# STORED DATA
=== Section Start ===
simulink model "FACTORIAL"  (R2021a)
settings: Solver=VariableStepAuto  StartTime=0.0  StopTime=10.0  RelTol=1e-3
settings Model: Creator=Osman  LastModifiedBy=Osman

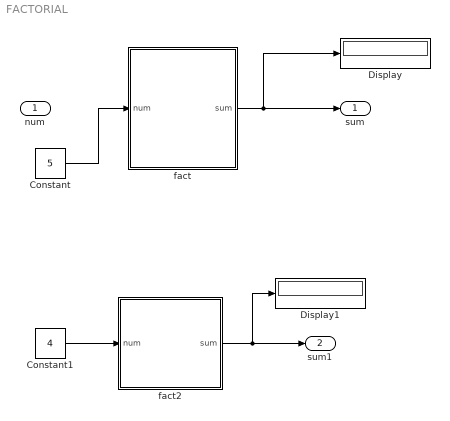
== system FACTORIAL ==
  num : Inport
  Constant : Constant  Value=5  OutDataTypeStr=uint32
  Constant1 : Constant  Value=4  OutDataTypeStr=uint32
  Display : Display
  Display1 : Display
  fact : Stateflow chart  TreatAsAtomicUnit=on
  fact2 : Stateflow chart  TreatAsAtomicUnit=on
  sum : Outport
  sum1 : Outport  Port=2
  wires:
  fact/1(sum) -> Display/1, sum/1
  Constant/1 -> fact/1(num)
  Constant1/1 -> fact2/1(num)
  fact2/1(sum) -> Display1/1, sum1/1

== stateflow chart FACTORIAL/fact2 ==
  state init
    entry:
    i = 1;
    sum = 1;
  state calc
    entry:
    sum = sum * i;
    i = i +1;
  (default) -> init
  init -> calc
  calc -> calc : [i <= num]
  data: i local uint32; sum output uint32; num input uint32

== stateflow chart FACTORIAL/fact ==
  (default) -> (junction 8) : % fact
  (junction 8) -> (junction 10) : {i = 1; sum = 1;}
  (junction 10) -> (junction 9) [order 1] : [i <= num]
  (junction 9) -> (junction 11) : {sum = sum * i;}
  (junction 12) -> (junction 10)
  (junction 10) -> (junction 13) [order 2]
  (junction 11) -> (junction 12) : {i = i +1;}
  data: i local uint32; num input uint32; sum output uint32
=== Section End ===
# YOUR GOAL
Print each of the records above exactly as written, leaving no picture in the copy.

# WRITTEN SOLUTION
simulink model "FACTORIAL"  (R2021a)
settings: Solver=VariableStepAuto  StartTime=0.0  StopTime=10.0  RelTol=1e-3
settings Model: Creator=Osman  LastModifiedBy=Osman

== system FACTORIAL ==
  num : Inport
  Constant : Constant  Value=5  OutDataTypeStr=uint32
  Constant1 : Constant  Value=4  OutDataTypeStr=uint32
  Display : Display
  Display1 : Display
  fact : Stateflow chart  TreatAsAtomicUnit=on
  fact2 : Stateflow chart  TreatAsAtomicUnit=on
  sum : Outport
  sum1 : Outport  Port=2
  wires:
  fact/1(sum) -> Display/1, sum/1
  Constant/1 -> fact/1(num)
  Constant1/1 -> fact2/1(num)
  fact2/1(sum) -> Display1/1, sum1/1

== stateflow chart FACTORIAL/fact2 ==
  state init
    entry:
    i = 1;
    sum = 1;
  state calc
    entry:
    sum = sum * i;
    i = i +1;
  (default) -> init
  init -> calc
  calc -> calc : [i <= num]
  data: i local uint32; sum output uint32; num input uint32

== stateflow chart FACTORIAL/fact ==
  (default) -> (junction 8) : % fact
  (junction 8) -> (junction 10) : {i = 1; sum = 1;}
  (junction 10) -> (junction 9) [order 1] : [i <= num]
  (junction 9) -> (junction 11) : {sum = sum * i;}
  (junction 12) -> (junction 10)
  (junction 10) -> (junction 13) [order 2]
  (junction 11) -> (junction 12) : {i = i +1;}
  data: i local uint32; num input uint32; sum output uint32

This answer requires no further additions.